Would my loyal users be just as loyal if I didn't have the loyalty app?
Ever wondered about that? I certainly did.
My clients usually reach out a few months after the initial rush of excitement is over. “Our loyalty program is launched! It was a complete success – look at all those tens of thousands of app downloads! Look at all of those welcome offers claimed! Look at all those transactions we are tracking for everybody! It’s great isn’t it? Right? We are doing great? Right?” Absolutely. But gradually, a few months post-launch, the questions start creeping up. Are these loyal users generating incremental visits – or is it that the people that are likely to sign up for a loyalty app are generally more likely to show up more often and spend more anyway? And now that we know every single thing they ordered and when they ordered it… how does that help us get them to order more? For the marketing executives selling the CEO and the Board on the program and then leading the program implementation these are very important questions. They point to the ROI of a program that can easily cost 100K+ per year in just vendor fees for a chain of 50 locations, not including the food cost associated with promotions or the cost of a program analyst (and extra headcount in marketing). Is this program generating the ROI? Can it prove it’s worth? The metrics coming off the vendor’s dashboard look convincing at the first glance, however they really don’t show the reality of how the things would have been if the program wasn’t there. That’s why, when my clients start facing internal questioning on the ROI of the program, I recommend to start with running controlled experiments. For the first experiment, I find a handful of locations that have a much lower than average penetration of loyalty users. Ideally those locations should be geographically and demographically similar – no major differences in seasonality or other external circumstances that may affect the outcome of the experiment. (If it’s impossible to get a cluster like that I work diligently to understand and quantify the impact of those differences: for example, if one of the locations is in a university town and big chunk of the student population disappears at the end of the school year, we have to account for the seasonal drop.)

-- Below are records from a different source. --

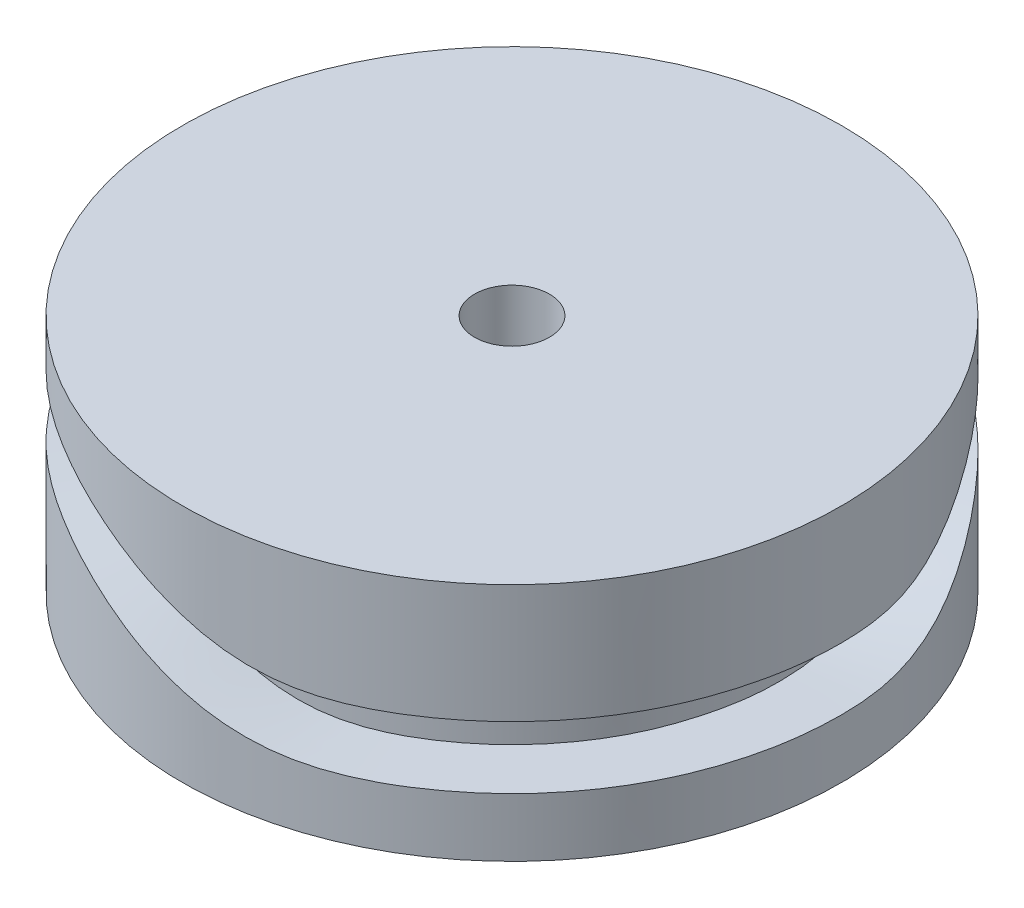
ISO-10303-21;
HEADER;
FILE_DESCRIPTION(('STEP AP214'),'2;1');
FILE_NAME('part.step','',(''),(''),'','','');
FILE_SCHEMA(('AUTOMOTIVE_DESIGN { 1 0 10303 214 1 1 1 1 }'));
ENDSEC;
DATA;
#1=APPLICATION_CONTEXT('core data for automotive mechanical design processes');
#2=APPLICATION_PROTOCOL_DEFINITION('international standard','automotive_design',2000,#1);
#3=PRODUCT_CONTEXT('',#1,'mechanical');
#4=PRODUCT('Part','Part','',(#3));
#5=PRODUCT_RELATED_PRODUCT_CATEGORY('part','',(#4));
#6=PRODUCT_DEFINITION_FORMATION('','',#4);
#7=PRODUCT_DEFINITION_CONTEXT('part definition',#1,'design');
#8=PRODUCT_DEFINITION('design','',#6,#7);
#9=PRODUCT_DEFINITION_SHAPE('','',#8);
#10=(LENGTH_UNIT() NAMED_UNIT(*) SI_UNIT(.MILLI.,.METRE.));
#11=(NAMED_UNIT(*) PLANE_ANGLE_UNIT() SI_UNIT($,.RADIAN.));
#12=(NAMED_UNIT(*) SI_UNIT($,.STERADIAN.) SOLID_ANGLE_UNIT());
#13=UNCERTAINTY_MEASURE_WITH_UNIT(LENGTH_MEASURE(1.E-05),#10,'distance_accuracy_value','');
#14=(GEOMETRIC_REPRESENTATION_CONTEXT(3) GLOBAL_UNCERTAINTY_ASSIGNED_CONTEXT((#13)) GLOBAL_UNIT_ASSIGNED_CONTEXT((#10,
#11,#12)) REPRESENTATION_CONTEXT('',''));
#15=CARTESIAN_POINT('',(0.,0.,0.));
#16=DIRECTION('',(0.,0.,1.));
#17=DIRECTION('',(1.,0.,0.));
#18=AXIS2_PLACEMENT_3D('',#15,#16,#17);
#19=CARTESIAN_POINT('',(0.,0.,0.));
#20=DIRECTION('',(0.,-1.,0.));
#21=DIRECTION('',(0.,0.,-1.));
#22=AXIS2_PLACEMENT_3D('',#19,#20,#21);
#23=CYLINDRICAL_SURFACE('',#22,34.925);
#24=CARTESIAN_POINT('',(0.,49.0220541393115,-34.925));
#25=CARTESIAN_POINT('',(0.490296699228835,49.0220326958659,-34.9250006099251));
#26=CARTESIAN_POINT('',(0.980577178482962,49.0219991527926,-34.914674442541));
#27=CARTESIAN_POINT('',(1.96039802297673,49.0219146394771,-34.8733844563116));
#28=CARTESIAN_POINT('',(2.44993817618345,49.0218636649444,-34.8424155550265));
#29=CARTESIAN_POINT('',(3.42734597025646,49.0217864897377,-34.7598834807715));
#30=CARTESIAN_POINT('',(3.91521336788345,49.0217602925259,-34.7083174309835));
#31=CARTESIAN_POINT('',(4.8883608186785,49.0217625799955,-34.5846806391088));
#32=CARTESIAN_POINT('',(5.37364078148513,49.0217910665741,-34.512609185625));
#33=CARTESIAN_POINT('',(6.34174484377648,49.0219575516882,-34.3479182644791));
#34=CARTESIAN_POINT('',(6.82456169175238,49.0220957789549,-34.255256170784));
#35=CARTESIAN_POINT('',(7.78582419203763,49.0224146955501,-34.0496420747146));
#36=CARTESIAN_POINT('',(8.26427011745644,49.0225953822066,-33.9366913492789));
#37=CARTESIAN_POINT('',(9.21593226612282,49.0228417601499,-33.6907071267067));
#38=CARTESIAN_POINT('',(9.6891488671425,49.0229074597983,-33.55767509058));
#39=CARTESIAN_POINT('',(10.629513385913,49.0228004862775,-33.271768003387));
#40=CARTESIAN_POINT('',(11.0966618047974,49.0226278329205,-33.118894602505));
#41=CARTESIAN_POINT('',(11.9316095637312,49.0219312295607,-32.8260127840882));
#42=CARTESIAN_POINT('',(12.3006459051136,49.0214841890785,-32.6895169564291));
#43=CARTESIAN_POINT('',(13.0339044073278,49.0205110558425,-32.4041314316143));
#44=CARTESIAN_POINT('',(13.3981265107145,49.0199849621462,-32.2552415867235));
#45=CARTESIAN_POINT('',(14.1213651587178,49.0191481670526,-31.9452263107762));
#46=CARTESIAN_POINT('',(14.4803812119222,49.0188374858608,-31.7840997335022));
#47=CARTESIAN_POINT('',(15.1928274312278,49.0186847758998,-31.4497771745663));
#48=CARTESIAN_POINT('',(15.546256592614,49.0188428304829,-31.2765790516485));
#49=CARTESIAN_POINT('',(16.2471515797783,49.0199158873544,-30.9182896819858));
#50=CARTESIAN_POINT('',(16.5946158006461,49.0208310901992,-30.7331952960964));
#51=CARTESIAN_POINT('',(17.2820002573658,49.0235230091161,-30.351969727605));
#52=CARTESIAN_POINT('',(17.6219408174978,49.0252970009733,-30.1558751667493));
#53=CARTESIAN_POINT('',(18.2950079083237,49.0263739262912,-29.7523487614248));
#54=CARTESIAN_POINT('',(18.6281348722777,49.025677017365,-29.54491764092));
#55=CARTESIAN_POINT('',(19.2870568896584,49.0188946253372,-29.1190468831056));
#56=CARTESIAN_POINT('',(19.6128546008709,49.0128111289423,-28.9006113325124));
#57=CARTESIAN_POINT('',(20.2566425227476,48.9926374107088,-28.4530781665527));
#58=CARTESIAN_POINT('',(20.5746356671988,48.9785502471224,-28.2239846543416));
#59=CARTESIAN_POINT('',(21.045395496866,48.9497826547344,-27.8726623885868));
#60=CARTESIAN_POINT('',(21.2012786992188,48.9389204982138,-27.7542733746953));
#61=CARTESIAN_POINT('',(21.5108981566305,48.9144012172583,-27.5149988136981));
#62=CARTESIAN_POINT('',(21.6646344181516,48.9007441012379,-27.3941132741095));
#63=CARTESIAN_POINT('',(21.964770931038,48.8710632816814,-27.1540079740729));
#64=CARTESIAN_POINT('',(22.111244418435,48.8551341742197,-27.0348680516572));
#65=CARTESIAN_POINT('',(22.4020508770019,48.8205851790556,-26.7943901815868));
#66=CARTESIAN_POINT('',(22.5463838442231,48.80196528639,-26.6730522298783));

Next, I assign half of the locations to the test group. In those locations, we go all out on promoting the loyalty program. Cashiers and waiters are trained to mention it to everyone walking through the door; we run contests (carefully designed – we don’t want fake sign ons!) among the staff to get more app downloads. We print a standing banner by the cash register. We put table tents on every table. We run hyper-targeted local social ads to promote the app. We do paid sponsored search on mobile devices for anyone searching for us (or our direct competitors) in the target geography pointing the person to the app download. We do this for long enough to see the rate of sign ups in the test stores increase substantially over the control. How substantially? At least 25% more. Ideally 50%. Yep, it’s completely possible to get to 50% with a little focus on sign ups. Now, it’s time for a little more patience. We wait for at least one, but better two typical frequency cycles. If our pancake parlor sees a typical repeat visit among the regulars 1x per week, we wait at least 2, ideally 3 weeks. If our sandwich shop on the ground floor of an office building sees a typical repeat visit 2x per week by the regulars, we wait the same 2 weeks. If our themed diner brings the regulars back every month or so, we wait two to three months. It’s worth it. Once the wait is over I compare the sales and guest counts between the test and control, and know exactly how much lift can be attributed to the exposure to loyalty program over a typical frequency cycle. (Don’t want to wait? Want to preview the answer? Here is a hint: identify comparable locations with low and high loyalty penetration and run the historical comparison. It works almost as well, as long as you have a strong knowledge of each locations’ performance anomalies over the periods you are comparing. A couple of big storms or a local parade can throw the answers out of whack). Just like that, the indisputable answer is here: the only difference between the locations is the percentage of loyalty users among overall transactions. Take those findings, present them with just one well designed slide. Voila! We’ve proven the baseline impact of your loyalty program. Have you done these experiments with your brand? Were you convinced by the outcomes? Did your C-suite execs buy your answers? I’d love to hear about your experience!